Я все отчетливо видел и на этот раз, каждую деталь, и не открывал глаза, пока не услышал голос сэра Бэзила, прозвучавший еще тише, чем прежде, и в голосе его послышалось недовольство дворецким.
– Джелкс… – произнес он.
И тут я посмотрел на него.
Он стоял с топором в руках и сохранял полнейшее спокойствие. На прежнем месте была и голова леди Тёртон, по-прежнему торчавшая из прорези, однако лицо ее приобрело пепельно-серый оттенок, а рот то открывался, то закрывался, и в горле у нее словно булькало.
– Послушай, Джелкс, – говорил сэр Бэзил. – О чем ты только думаешь? Эта штука ведь очень опасна. Дай-ка лучше ножовку.
Он поменял инструмент, и я увидел, как его щеки впервые порозовели, а в уголках глаз быстро задвигались морщинки, предвещая улыбку.
Nunc Dimittis[23]
Уже почти полночь, и я понимаю, что если сейчас же не начну записывать эту историю, то никогда этого не сделаю. Весь вечер я пытался заставить себя приступить к делу. Но чем больше думал о случившемся, тем большие ощущал стыд и смятение.
Я пытался (и, думаю, правильно делал) проанализировать случившееся и найти если не причину, то хоть какое-то оправдание своему возмутительному поведению по отношению к Жанет де Пеладжа. При этом вину свою я признаю. Я хотел (и это самое главное) обратиться к воображаемому сочувствующему слушателю, некоему мифическому «вы», человеку доброму и отзывчивому, которому я мог бы без стеснения поведать об этом злосчастном происшествии во всех подробностях. Мне остается лишь надеяться, что волнение не помешает мне довести рассказ до конца.
Если уж говорить по совести, то надобно, полагаю, признаться, что более всего меня беспокоят не ощущение стыда и даже не оскорбление, нанесенное мною бедной Жанет, а сознание того, что я вел себя чудовищно глупо и что все мои друзья – если я еще могу их так называть, – все эти сердечные и милые люди, так часто бывавшие в моем доме, теперь, должно быть, думают обо мне как о злом, мстительном старике. Да, это задевает меня за живое. А если я скажу, что мои друзья это вся моя жизнь, все, абсолютно все, – тогда, быть может, вам легче будет меня понять.

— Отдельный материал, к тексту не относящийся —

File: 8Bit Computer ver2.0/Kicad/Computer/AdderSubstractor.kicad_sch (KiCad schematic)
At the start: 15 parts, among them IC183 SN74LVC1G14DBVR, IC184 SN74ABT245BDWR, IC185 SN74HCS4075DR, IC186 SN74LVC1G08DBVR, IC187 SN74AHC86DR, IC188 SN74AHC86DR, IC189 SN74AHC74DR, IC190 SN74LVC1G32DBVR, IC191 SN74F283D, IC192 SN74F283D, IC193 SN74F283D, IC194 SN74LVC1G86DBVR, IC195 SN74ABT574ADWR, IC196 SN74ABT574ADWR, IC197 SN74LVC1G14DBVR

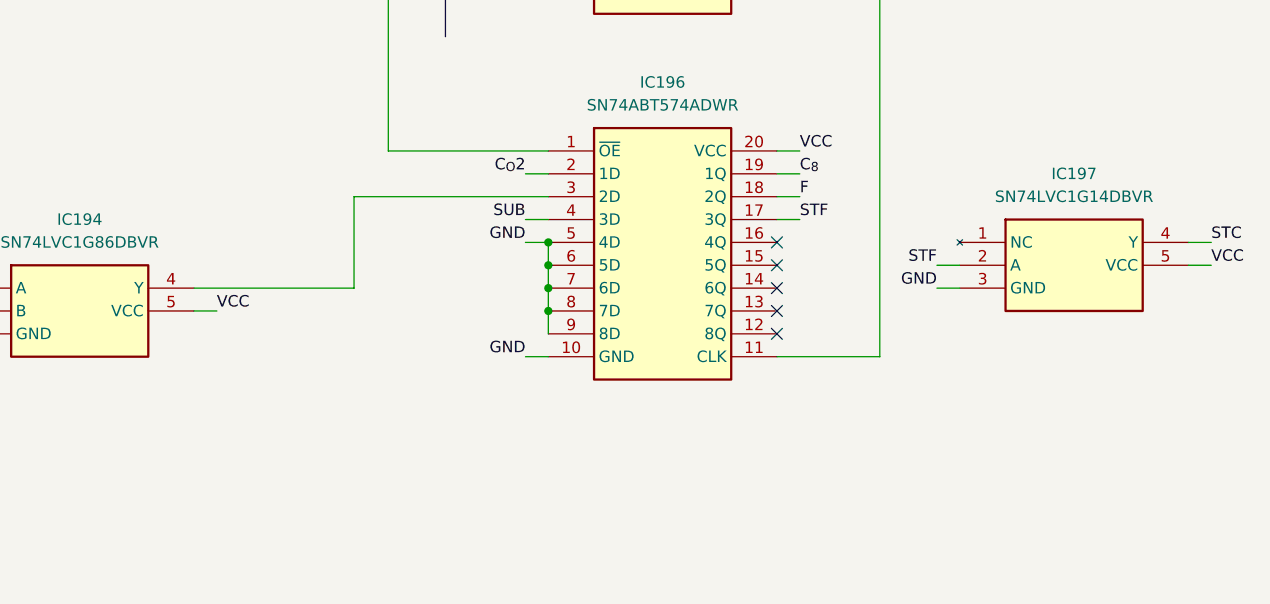
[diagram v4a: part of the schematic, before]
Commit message: Kicad, parts
parts:
added Mux 4:1 for CLK
added LM555
Kicad:
added some Diodes for Flash disable
fixed wrong routing of flag register
fixed wrong routing of STC STF in INC/AddS
LM555 circuit for 1Hz to 100Hz
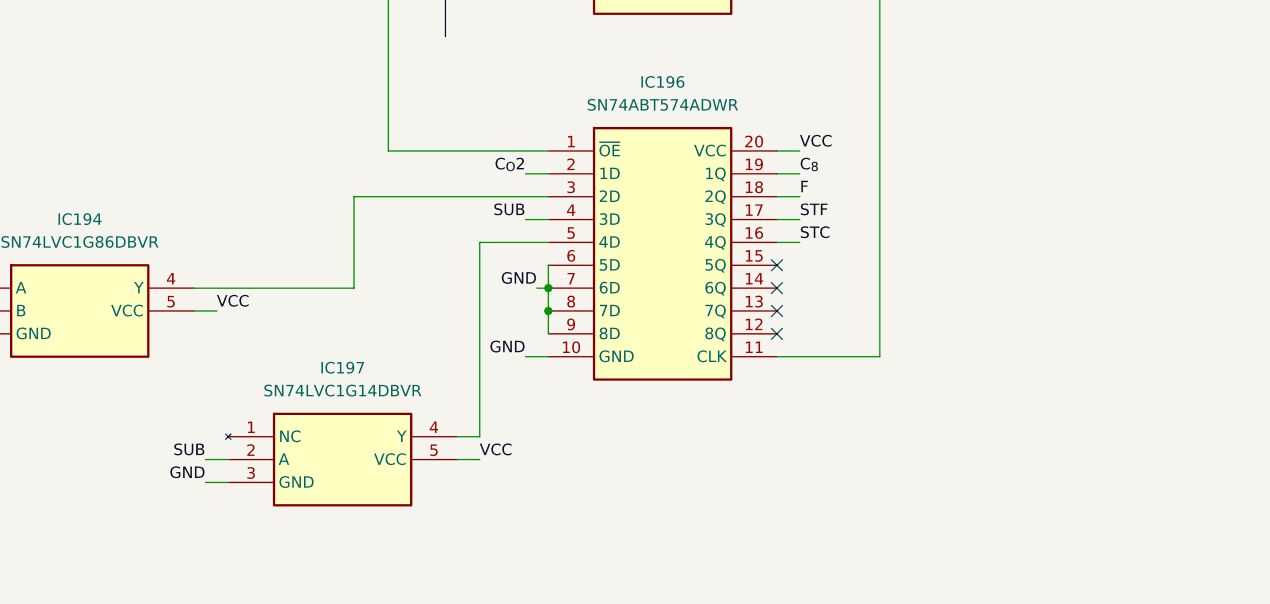
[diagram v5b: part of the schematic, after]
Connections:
- net GND: no longer IC196.5 (4D)
- net STC: now also IC196.16 (4Q); no longer IC197.4 (Y)
- net STF: no longer IC197.2 (A)
- net SUB: now also IC197.2 (A)
- new net: IC196.5 (4D), IC197.4 (Y)
- no-connect marks 13 -> 12
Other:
- moved on the sheet: IC197
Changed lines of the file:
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@@
 	(paper "A3")
 	(junction
-		(at 327.66 107.95)
-		(diameter 0)
-		(color 0 0 0 0)
-	)
-	(junction
 		(at 309.88 45.72)
 		(diameter 0)
@@
 	)
 	(junction
-		(at 327.66 110.49)
-		(diameter 0)
-		(color 0 0 0 0)
-	)
-	(junction
 		(at 81.28 35.56)
 		(diameter 0)
@@
 	)
 	(no_connect
-		(at 353.06 107.95)
-	)
-	(no_connect
 		(at 243.84 107.95)
 	)
@@
 	(wire
 		(pts
-			(xy 398.78 107.95) (xy 401.32 107.95)
+			(xy 317.5 129.54) (xy 320.04 129.54)
 		)
 		(stroke
@@
 	(wire
 		(pts
-			(xy 325.12 107.95) (xy 327.66 107.95)
-		)
-		(stroke
-			(width 0)
-			(type default)
-		)
-	)
-	(wire
-		(pts
 			(xy 256.54 92.71) (xy 243.84 92.71)
 		)
@@
 	(wire
 		(pts
+			(xy 320.04 129.54) (xy 320.04 107.95)
+		)
+		(stroke
+			(width 0)
+			(type default)
+		)
+	)
+	(wire
+		(pts
 			(xy 318.77 59.69) (xy 327.66 59.69)
 		)
@@
 	(wire
 		(pts
-			(xy 398.78 110.49) (xy 401.32 110.49)
+			(xy 317.5 132.08) (xy 320.04 132.08)
 		)
 		(stroke
@@
 	(wire
 		(pts
+			(xy 353.06 107.95) (xy 355.6 107.95)
+		)
+		(stroke
+			(width 0)
+			(type default)
+		)
+	)
+	(wire
+		(pts
 			(xy 31.75 119.38) (xy 39.37 119.38)
 		)
@@
 		)
 	)
+	(wire
+		(pts
+			(xy 326.39 113.03) (xy 327.66 113.03)
+		)
+		(stroke
+			(width 0)
+			(type default)
+		)
+	)
 	(bus
 		(pts
@@
 	(wire
 		(pts
-			(xy 370.84 113.03) (xy 373.38 113.03)
+			(xy 289.56 134.62) (xy 292.1 134.62)
 		)
 		(stroke
@@
 		)
 	)
-	(wire
-		(pts
-			(xy 327.66 107.95) (xy 327.66 110.49)
-		)
-		(stroke
-			(width 0)
-			(type default)
-		)
-	)
 	(bus
 		(pts
@@
 	(wire
 		(pts
-			(xy 370.84 110.49) (xy 373.38 110.49)
+			(xy 289.56 132.08) (xy 292.1 132.08)
 		)
 		(stroke
@@
 	(wire
 		(pts
+			(xy 320.04 107.95) (xy 327.66 107.95)
+		)
+		(stroke
+			(width 0)
+			(type default)
+		)
+	)
+	(wire
+		(pts
 			(xy 205.74 67.31) (xy 218.44 67.31)
 		)
@@
 		)
 	)
+	(label "STC"
+		(at 355.6 107.95 0)
+		(effects
+			(font
+				(size 1.27 1.27)
+			)
+			(justify left bottom)
+		)
+	)
 	(label "GND"
 		(at 132.08 48.26 180)
@@
 		)
 	)
-	(label "STC"
-		(at 401.32 107.95 0)
-		(effects
-			(font
-				(size 1.27 1.27)
-			)
-			(justify left bottom)
-		)
-	)
 	(label "Sum2"
 		(at 325.12 64.77 180)
@@
 		)
 	)
+	(label "GND"
+		(at 326.39 113.03 180)
+		(effects
+			(font
+				(size 1.27 1.27)
+			)
+			(justify right bottom)
+		)
+	)
 	(label "B7"
 		(at 151.13 138.43 0)
@@
 	)
 	(label "VCC"
-		(at 401.32 110.49 0)
+		(at 320.04 132.08 0)
 		(effects
 			(font
@@
 		)
 	)
-	(label "STF"
-		(at 370.84 110.49 180)
-		(effects
-			(font
-				(size 1.27 1.27)
-			)
-			(justify right bottom)
-		)
-	)
 	(label "VCC"
 		(at 132.08 33.02 180)
@@
 	)
 	(label "GND"
-		(at 370.84 113.03 180)
+		(at 289.56 134.62 180)
 		(effects
 			(font
@@
 		)
 	)
+	(label "SUB"
+		(at 289.56 132.08 180)
+		(effects
+			(font
+				(size 1.27 1.27)
+			)
+			(justify right bottom)
+		)
+	)
 	(label "C_{in}"
 		(at 102.87 67.31 180)
@@
 	)
 	(label "GND"
-		(at 325.12 107.95 180)
-		(effects
-			(font
-				(size 1.27 1.27)
-			)
-			(justify right bottom)
-		)
-	)
-	(label "GND"
 		(at 246.38 123.19 0)
 		(effects
@@
 	(symbol
 		(lib_id "Samacsys:SN74LVC1G14DBVR")
-		(at 373.38 107.95 0)
+		(at 292.1 129.54 0)
 		(unit 1)
 		(exclude_from_sim no)
@@
 		(fields_autoplaced yes)
 		(property "Reference" "IC197"
-			(at 386.08 100.33 0)
+			(at 304.8 121.92 0)
 			(effects
 				(font
@@
 		)
 		(property "Value" "SN74LVC1G14DBVR"
-			(at 386.08 102.87 0)
+			(at 304.8 124.46 0)
 			(effects
 				(font
@@
 		)
 		(property "Footprint" "Samacsys:SOT95P280X145-5N"
-			(at 394.97 202.87 0)
+			(at 313.69 224.46 0)
 			(effects
 				(font
@@
 		)
 		(property "Datasheet" "https://datasheet.datasheetarchive.com/originals/distributors/Datasheets-DGA13/1136296.pdf"
-			(at 394.97 302.87 0)
+			(at 313.69 324.46 0)
 			(effects
 				(font
@@
 		)
 		(property "Description" "TEXAS INSTRUMENTS - SN74LVC1G14DBVR - IC, SCHMITT TRIGGER INVERTER, SMD"
-			(at 373.38 107.95 0)
+			(at 292.1 129.54 0)
 			(effects
 				(font
@@
 		)
 		(property "Height" "1.45"
-			(at 394.97 502.87 0)
+			(at 313.69 524.46 0)
 			(effects
 				(font
@@
 		)
 		(property "Mouser Part Number" "595-SN74LVC1G14DBVR"
-			(at 394.97 602.87 0)
+			(at 313.69 624.46 0)
 			(effects
 				(font
@@
 		)
 		(property "Mouser Price/Stock" "https://www.mouser.co.uk/ProductDetail/Texas-Instruments/SN74LVC1G14DBVR?qs=dT9u2OTAaVWRIgCrQFnxuQ%3D%3D"
-			(at 394.97 702.87 0)
+			(at 313.69 724.46 0)
 			(effects
 				(font
@@
 		)
 		(property "Manufacturer_Name" "Texas Instruments"
-			(at 394.97 802.87 0)
+			(at 313.69 824.46 0)
 			(effects
 				(font
@@
 		)
 		(property "Manufacturer_Part_Number" "SN74LVC1G14DBVR"
-			(at 394.97 902.87 0)
+			(at 313.69 924.46 0)
 			(effects
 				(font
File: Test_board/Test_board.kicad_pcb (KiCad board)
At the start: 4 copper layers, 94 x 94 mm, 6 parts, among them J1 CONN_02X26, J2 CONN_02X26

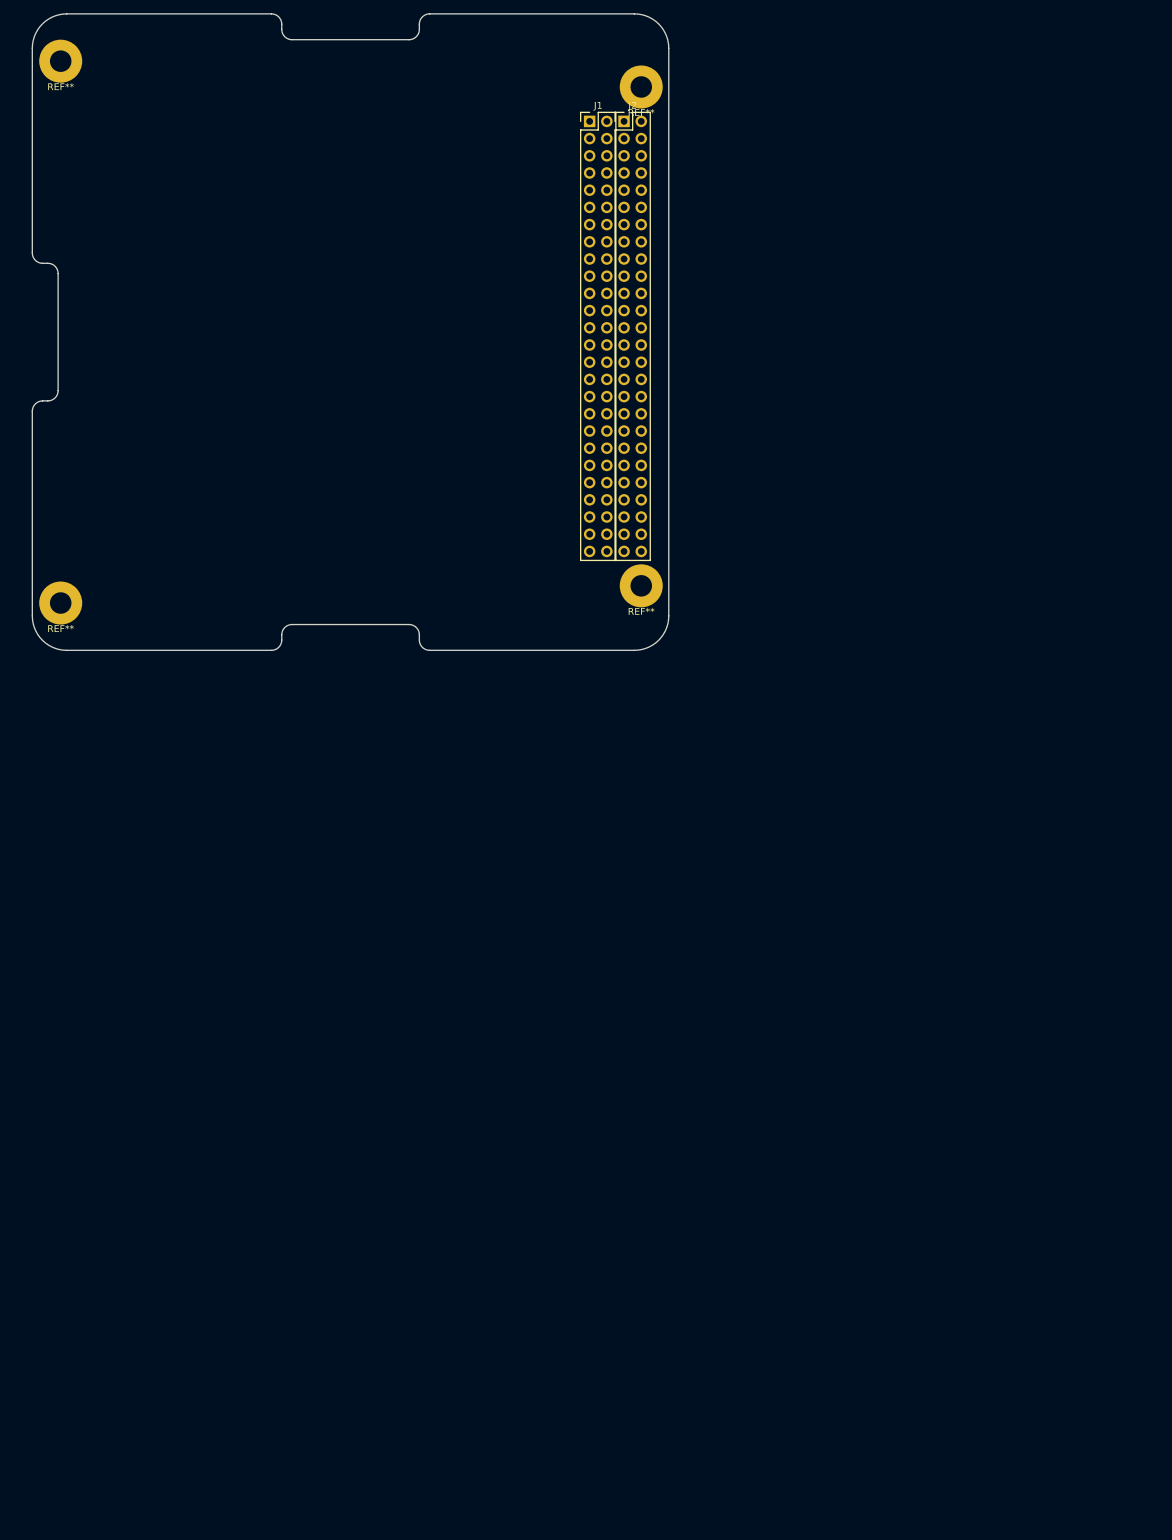
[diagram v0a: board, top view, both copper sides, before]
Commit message: Removed db9, created last footprints, finished assigning footprints, started pcb
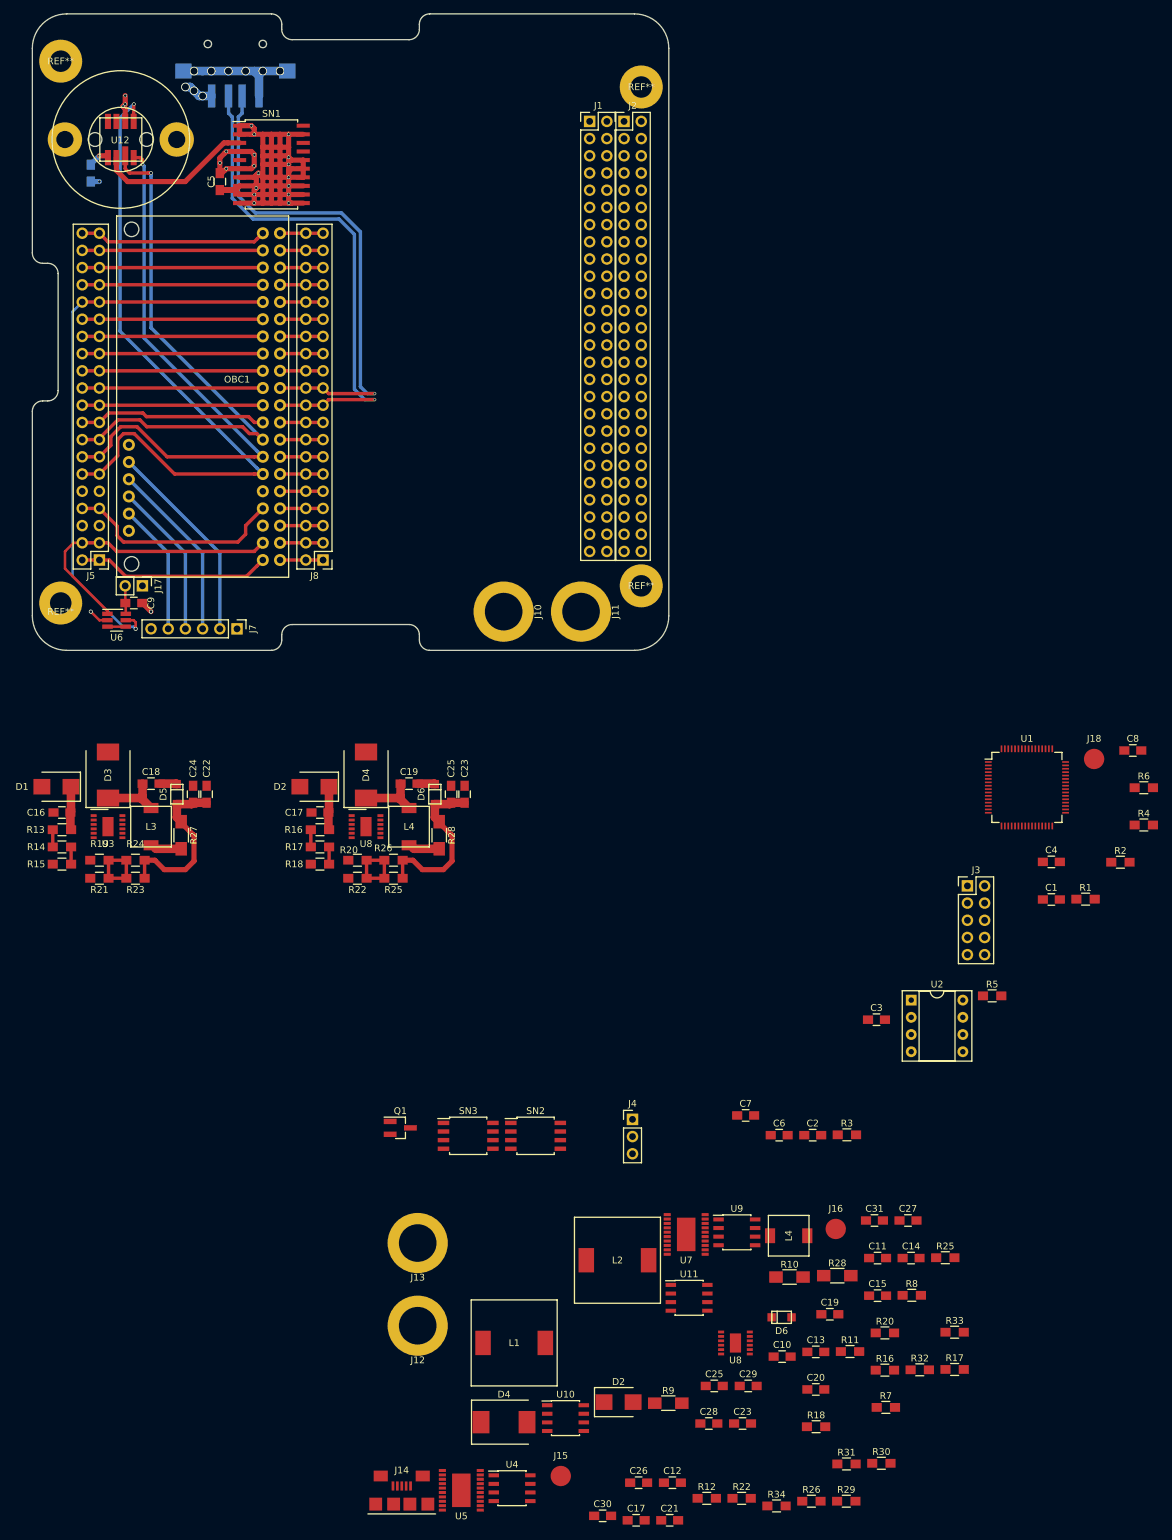
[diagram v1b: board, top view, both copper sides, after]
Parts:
- added C1: 0.1uF, Capacitors_SMD:C_0805_HandSoldering, F.Cu at (280.1, 158.3)
- added C10: 100uF, Capacitors_SMD:C_0805_HandSoldering, F.Cu at (240.4, 225.8)
- added C11: 47uF, Capacitors_SMD:C_0805_HandSoldering, F.Cu at (254.5, 211.3)
- added C12: 100uF, Capacitors_SMD:C_0805_HandSoldering, F.Cu at (224.2, 244.4)
- added C13: 47uF, Capacitors_SMD:C_0805_HandSoldering, F.Cu at (245.3, 225.1)
- added C14: 0.1uF, Capacitors_SMD:C_0805_HandSoldering, F.Cu at (259.4, 211.3)
- added C15: 0.1uF, Capacitors_SMD:C_0805_HandSoldering, F.Cu at (254.5, 216.8)
- added C16: 0.1uF, Capacitors_SMD:C_0805_HandSoldering, F.Cu at (134.0, 145.5)
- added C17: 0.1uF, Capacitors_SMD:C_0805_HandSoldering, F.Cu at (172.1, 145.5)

Однако сможете ли вы понять меня? Сомневаюсь, но, чтобы облегчить свою задачу, я отвлекусь ненадолго и расскажу, что я собой представляю.
Гм, дайте-ка подумать. По правде говоря, я, пожалуй, являю собою особый тип – притом, заметьте, редкий, но тем не менее совершенно определенный, – тип человека состоятельного, привыкшего к размеренному образу жизни, образованного, средних лет, обожаемого (я тщательно выбираю слова) своими многочисленными друзьями за шарм, деньги, ученость, великодушие и – я искренне надеюсь на это – за то, что он вообще существует. Его (этот тип) можно встретить только в больших столицах – в Лондоне, Париже, Нью-Йорке, в этом я убежден. Деньги, которые он имеет, заработаны его отцом, но памятью о нем он склонен пренебрегать. Тут он не виноват, потому как есть в его характере нечто такое, что заставляет его втайне смотреть свысока на всех тех, у кого так и не хватило ума узнать, чем отличается Рокингем[24] от Споуда[25], уотерфорд[26] от венециана[27], шератон[28] от чиппендейла[29], Моне от Мане или хотя бы поммар от монтраше[30].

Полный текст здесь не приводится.